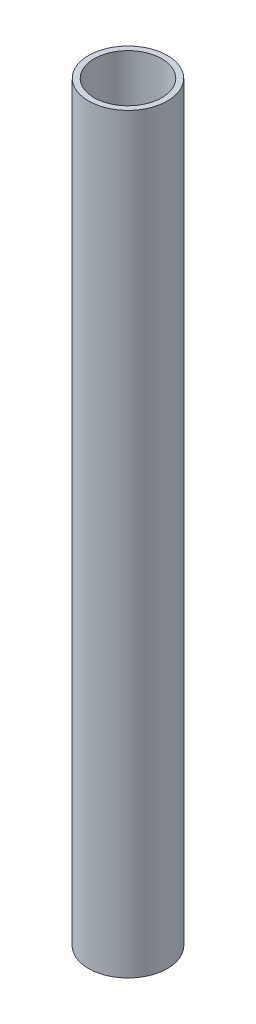
ISO-10303-21;
HEADER;
FILE_DESCRIPTION(('STEP AP214'),'2;1');
FILE_NAME('part.step','',(''),(''),'','','');
FILE_SCHEMA(('AUTOMOTIVE_DESIGN { 1 0 10303 214 1 1 1 1 }'));
ENDSEC;
DATA;
#1=APPLICATION_CONTEXT('core data for automotive mechanical design processes');
#2=APPLICATION_PROTOCOL_DEFINITION('international standard','automotive_design',2000,#1);
#3=PRODUCT_CONTEXT('',#1,'mechanical');
#4=PRODUCT('Part','Part','',(#3));
#5=PRODUCT_RELATED_PRODUCT_CATEGORY('part','',(#4));
#6=PRODUCT_DEFINITION_FORMATION('','',#4);
#7=PRODUCT_DEFINITION_CONTEXT('part definition',#1,'design');
#8=PRODUCT_DEFINITION('design','',#6,#7);
#9=PRODUCT_DEFINITION_SHAPE('','',#8);
#10=(LENGTH_UNIT() NAMED_UNIT(*) SI_UNIT(.MILLI.,.METRE.));
#11=(NAMED_UNIT(*) PLANE_ANGLE_UNIT() SI_UNIT($,.RADIAN.));
#12=(NAMED_UNIT(*) SI_UNIT($,.STERADIAN.) SOLID_ANGLE_UNIT());
#13=UNCERTAINTY_MEASURE_WITH_UNIT(LENGTH_MEASURE(1.E-05),#10,'distance_accuracy_value','');
#14=(GEOMETRIC_REPRESENTATION_CONTEXT(3) GLOBAL_UNCERTAINTY_ASSIGNED_CONTEXT((#13)) GLOBAL_UNIT_ASSIGNED_CONTEXT((#10,
#11,#12)) REPRESENTATION_CONTEXT('',''));
#15=CARTESIAN_POINT('',(0.,0.,0.));
#16=DIRECTION('',(0.,0.,1.));
#17=DIRECTION('',(1.,0.,0.));
#18=AXIS2_PLACEMENT_3D('',#15,#16,#17);
#19=CARTESIAN_POINT('',(0.,50.,0.));
#20=DIRECTION('',(0.,-1.,0.));
#21=DIRECTION('',(0.,0.,-1.));
#22=AXIS2_PLACEMENT_3D('',#19,#20,#21);
#23=CYLINDRICAL_SURFACE('',#22,5.25);
#24=CARTESIAN_POINT('',(0.,50.,0.));
#25=DIRECTION('',(0.,1.,0.));
#26=DIRECTION('',(0.,0.,1.));
#27=AXIS2_PLACEMENT_3D('',#24,#25,#26);
#28=CIRCLE('',#27,5.25);
#29=CARTESIAN_POINT('',(0.,50.,5.25));
#30=VERTEX_POINT('',#29);
#31=EDGE_CURVE('E10',#30,#30,#28,.T.);
#32=ORIENTED_EDGE('',*,*,#31,.F.);
#33=EDGE_LOOP('',(#32));
#34=FACE_BOUND('',#33,.T.);
#35=CARTESIAN_POINT('',(0.,-50.,0.));
#36=DIRECTION('',(0.,1.,0.));
#37=DIRECTION('',(0.,0.,1.));
#38=AXIS2_PLACEMENT_3D('',#35,#36,#37);
#39=CIRCLE('',#38,5.25);
#40=CARTESIAN_POINT('',(0.,-50.,5.25));
#41=VERTEX_POINT('',#40);
#42=EDGE_CURVE('E39',#41,#41,#39,.T.);
#43=ORIENTED_EDGE('',*,*,#42,.T.);
#44=EDGE_LOOP('',(#43));
#45=FACE_BOUND('',#44,.T.);
#46=ADVANCED_FACE('F36',(#34,#45),#23,.T.);
#47=CARTESIAN_POINT('',(0.,50.,0.));
#48=DIRECTION('',(0.,1.,0.));
#49=DIRECTION('',(0.,0.,1.));
#50=AXIS2_PLACEMENT_3D('',#47,#48,#49);
#51=PLANE('',#50);
#52=CARTESIAN_POINT('',(0.,50.,0.));
#53=DIRECTION('',(0.,1.,0.));
#54=DIRECTION('',(0.,0.,1.));
#55=AXIS2_PLACEMENT_3D('',#52,#53,#54);
#56=CIRCLE('',#55,4.49999999999999);
#57=CARTESIAN_POINT('',(0.,50.,4.49999999999999));
#58=VERTEX_POINT('',#57);
#59=EDGE_CURVE('E50',#58,#58,#56,.T.);
#60=ORIENTED_EDGE('',*,*,#59,.F.);
#61=EDGE_LOOP('',(#60));
#62=FACE_BOUND('',#61,.T.);
#63=ORIENTED_EDGE('',*,*,#31,.T.);
#64=EDGE_LOOP('',(#63));
#65=FACE_BOUND('',#64,.T.);
#66=ADVANCED_FACE('F56',(#62,#65),#51,.T.);
#67=CARTESIAN_POINT('',(0.,-50.,0.));
#68=DIRECTION('',(0.,1.,0.));
#69=DIRECTION('',(0.,0.,1.));
#70=AXIS2_PLACEMENT_3D('',#67,#68,#69);
#71=PLANE('',#70);
#72=CARTESIAN_POINT('',(0.,-50.,0.));
#73=DIRECTION('',(0.,1.,0.));
#74=DIRECTION('',(0.,0.,1.));
#75=AXIS2_PLACEMENT_3D('',#72,#73,#74);
#76=CIRCLE('',#75,4.49999999999998);
#77=CARTESIAN_POINT('',(0.,-50.,4.49999999999998));
#78=VERTEX_POINT('',#77);
#79=EDGE_CURVE('E46',#78,#78,#76,.T.);
#80=ORIENTED_EDGE('',*,*,#79,.T.);
#81=EDGE_LOOP('',(#80));
#82=FACE_BOUND('',#81,.T.);
#83=ORIENTED_EDGE('',*,*,#42,.F.);
#84=EDGE_LOOP('',(#83));
#85=FACE_BOUND('',#84,.T.);
#86=ADVANCED_FACE('F58',(#82,#85),#71,.F.);
#87=CARTESIAN_POINT('',(0.,50.,0.));
#88=DIRECTION('',(0.,1.,0.));
#89=DIRECTION('',(0.,0.,1.));
#90=AXIS2_PLACEMENT_3D('',#87,#88,#89);
#91=CYLINDRICAL_SURFACE('',#90,4.49999999999998);
#92=ORIENTED_EDGE('',*,*,#79,.F.);
#93=EDGE_LOOP('',(#92));
#94=FACE_BOUND('',#93,.T.);
#95=ORIENTED_EDGE('',*,*,#59,.T.);
#96=EDGE_LOOP('',(#95));
#97=FACE_BOUND('',#96,.T.);
#98=ADVANCED_FACE('F54',(#94,#97),#91,.F.);
#99=CLOSED_SHELL('',(#46,#66,#86,#98));
#100=MANIFOLD_SOLID_BREP('B2',#99);
#101=ADVANCED_BREP_SHAPE_REPRESENTATION('',(#18,#100),#14);
#102=SHAPE_DEFINITION_REPRESENTATION(#9,#101);
ENDSEC;
END-ISO-10303-21;

GOAL OF THE EXERCISE:
Every record must be copied exactly, with images dropped from the result.

ANSWER FOR THE TASK:
ISO-10303-21;
HEADER;
FILE_DESCRIPTION(('STEP AP214'),'2;1');
FILE_NAME('part.step','',(''),(''),'','','');
FILE_SCHEMA(('AUTOMOTIVE_DESIGN { 1 0 10303 214 1 1 1 1 }'));
ENDSEC;
DATA;
#1=APPLICATION_CONTEXT('core data for automotive mechanical design processes');
#2=APPLICATION_PROTOCOL_DEFINITION('international standard','automotive_design',2000,#1);
#3=PRODUCT_CONTEXT('',#1,'mechanical');
#4=PRODUCT('Part','Part','',(#3));
#5=PRODUCT_RELATED_PRODUCT_CATEGORY('part','',(#4));
#6=PRODUCT_DEFINITION_FORMATION('','',#4);
#7=PRODUCT_DEFINITION_CONTEXT('part definition',#1,'design');
#8=PRODUCT_DEFINITION('design','',#6,#7);
#9=PRODUCT_DEFINITION_SHAPE('','',#8);
#10=(LENGTH_UNIT() NAMED_UNIT(*) SI_UNIT(.MILLI.,.METRE.));
#11=(NAMED_UNIT(*) PLANE_ANGLE_UNIT() SI_UNIT($,.RADIAN.));
#12=(NAMED_UNIT(*) SI_UNIT($,.STERADIAN.) SOLID_ANGLE_UNIT());
#13=UNCERTAINTY_MEASURE_WITH_UNIT(LENGTH_MEASURE(1.E-05),#10,'distance_accuracy_value','');
#14=(GEOMETRIC_REPRESENTATION_CONTEXT(3) GLOBAL_UNCERTAINTY_ASSIGNED_CONTEXT((#13)) GLOBAL_UNIT_ASSIGNED_CONTEXT((#10,
#11,#12)) REPRESENTATION_CONTEXT('',''));
#15=CARTESIAN_POINT('',(0.,0.,0.));
#16=DIRECTION('',(0.,0.,1.));
#17=DIRECTION('',(1.,0.,0.));
#18=AXIS2_PLACEMENT_3D('',#15,#16,#17);
#19=CARTESIAN_POINT('',(0.,50.,0.));
#20=DIRECTION('',(0.,-1.,0.));
#21=DIRECTION('',(0.,0.,-1.));
#22=AXIS2_PLACEMENT_3D('',#19,#20,#21);
#23=CYLINDRICAL_SURFACE('',#22,5.25);
#24=CARTESIAN_POINT('',(0.,50.,0.));
#25=DIRECTION('',(0.,1.,0.));
#26=DIRECTION('',(0.,0.,1.));
#27=AXIS2_PLACEMENT_3D('',#24,#25,#26);
#28=CIRCLE('',#27,5.25);
#29=CARTESIAN_POINT('',(0.,50.,5.25));
#30=VERTEX_POINT('',#29);
#31=EDGE_CURVE('E10',#30,#30,#28,.T.);
#32=ORIENTED_EDGE('',*,*,#31,.F.);
#33=EDGE_LOOP('',(#32));
#34=FACE_BOUND('',#33,.T.);
#35=CARTESIAN_POINT('',(0.,-50.,0.));
#36=DIRECTION('',(0.,1.,0.));
#37=DIRECTION('',(0.,0.,1.));
#38=AXIS2_PLACEMENT_3D('',#35,#36,#37);
#39=CIRCLE('',#38,5.25);
#40=CARTESIAN_POINT('',(0.,-50.,5.25));
#41=VERTEX_POINT('',#40);
#42=EDGE_CURVE('E39',#41,#41,#39,.T.);
#43=ORIENTED_EDGE('',*,*,#42,.T.);
#44=EDGE_LOOP('',(#43));
#45=FACE_BOUND('',#44,.T.);
#46=ADVANCED_FACE('F36',(#34,#45),#23,.T.);
#47=CARTESIAN_POINT('',(0.,50.,0.));
#48=DIRECTION('',(0.,1.,0.));
#49=DIRECTION('',(0.,0.,1.));
#50=AXIS2_PLACEMENT_3D('',#47,#48,#49);
#51=PLANE('',#50);
#52=CARTESIAN_POINT('',(0.,50.,0.));
#53=DIRECTION('',(0.,1.,0.));
#54=DIRECTION('',(0.,0.,1.));
#55=AXIS2_PLACEMENT_3D('',#52,#53,#54);
#56=CIRCLE('',#55,4.49999999999999);
#57=CARTESIAN_POINT('',(0.,50.,4.49999999999999));
#58=VERTEX_POINT('',#57);
#59=EDGE_CURVE('E50',#58,#58,#56,.T.);
#60=ORIENTED_EDGE('',*,*,#59,.F.);
#61=EDGE_LOOP('',(#60));
#62=FACE_BOUND('',#61,.T.);
#63=ORIENTED_EDGE('',*,*,#31,.T.);
#64=EDGE_LOOP('',(#63));
#65=FACE_BOUND('',#64,.T.);
#66=ADVANCED_FACE('F56',(#62,#65),#51,.T.);
#67=CARTESIAN_POINT('',(0.,-50.,0.));
#68=DIRECTION('',(0.,1.,0.));
#69=DIRECTION('',(0.,0.,1.));
#70=AXIS2_PLACEMENT_3D('',#67,#68,#69);
#71=PLANE('',#70);
#72=CARTESIAN_POINT('',(0.,-50.,0.));
#73=DIRECTION('',(0.,1.,0.));
#74=DIRECTION('',(0.,0.,1.));
#75=AXIS2_PLACEMENT_3D('',#72,#73,#74);
#76=CIRCLE('',#75,4.49999999999998);
#77=CARTESIAN_POINT('',(0.,-50.,4.49999999999998));
#78=VERTEX_POINT('',#77);
#79=EDGE_CURVE('E46',#78,#78,#76,.T.);
#80=ORIENTED_EDGE('',*,*,#79,.T.);
#81=EDGE_LOOP('',(#80));
#82=FACE_BOUND('',#81,.T.);
#83=ORIENTED_EDGE('',*,*,#42,.F.);
#84=EDGE_LOOP('',(#83));
#85=FACE_BOUND('',#84,.T.);
#86=ADVANCED_FACE('F58',(#82,#85),#71,.F.);
#87=CARTESIAN_POINT('',(0.,50.,0.));
#88=DIRECTION('',(0.,1.,0.));
#89=DIRECTION('',(0.,0.,1.));
#90=AXIS2_PLACEMENT_3D('',#87,#88,#89);
#91=CYLINDRICAL_SURFACE('',#90,4.49999999999998);
#92=ORIENTED_EDGE('',*,*,#79,.F.);
#93=EDGE_LOOP('',(#92));
#94=FACE_BOUND('',#93,.T.);
#95=ORIENTED_EDGE('',*,*,#59,.T.);
#96=EDGE_LOOP('',(#95));
#97=FACE_BOUND('',#96,.T.);
#98=ADVANCED_FACE('F54',(#94,#97),#91,.F.);
#99=CLOSED_SHELL('',(#46,#66,#86,#98));
#100=MANIFOLD_SOLID_BREP('B2',#99);
#101=ADVANCED_BREP_SHAPE_REPRESENTATION('',(#18,#100),#14);
#102=SHAPE_DEFINITION_REPRESENTATION(#9,#101);
ENDSEC;
END-ISO-10303-21;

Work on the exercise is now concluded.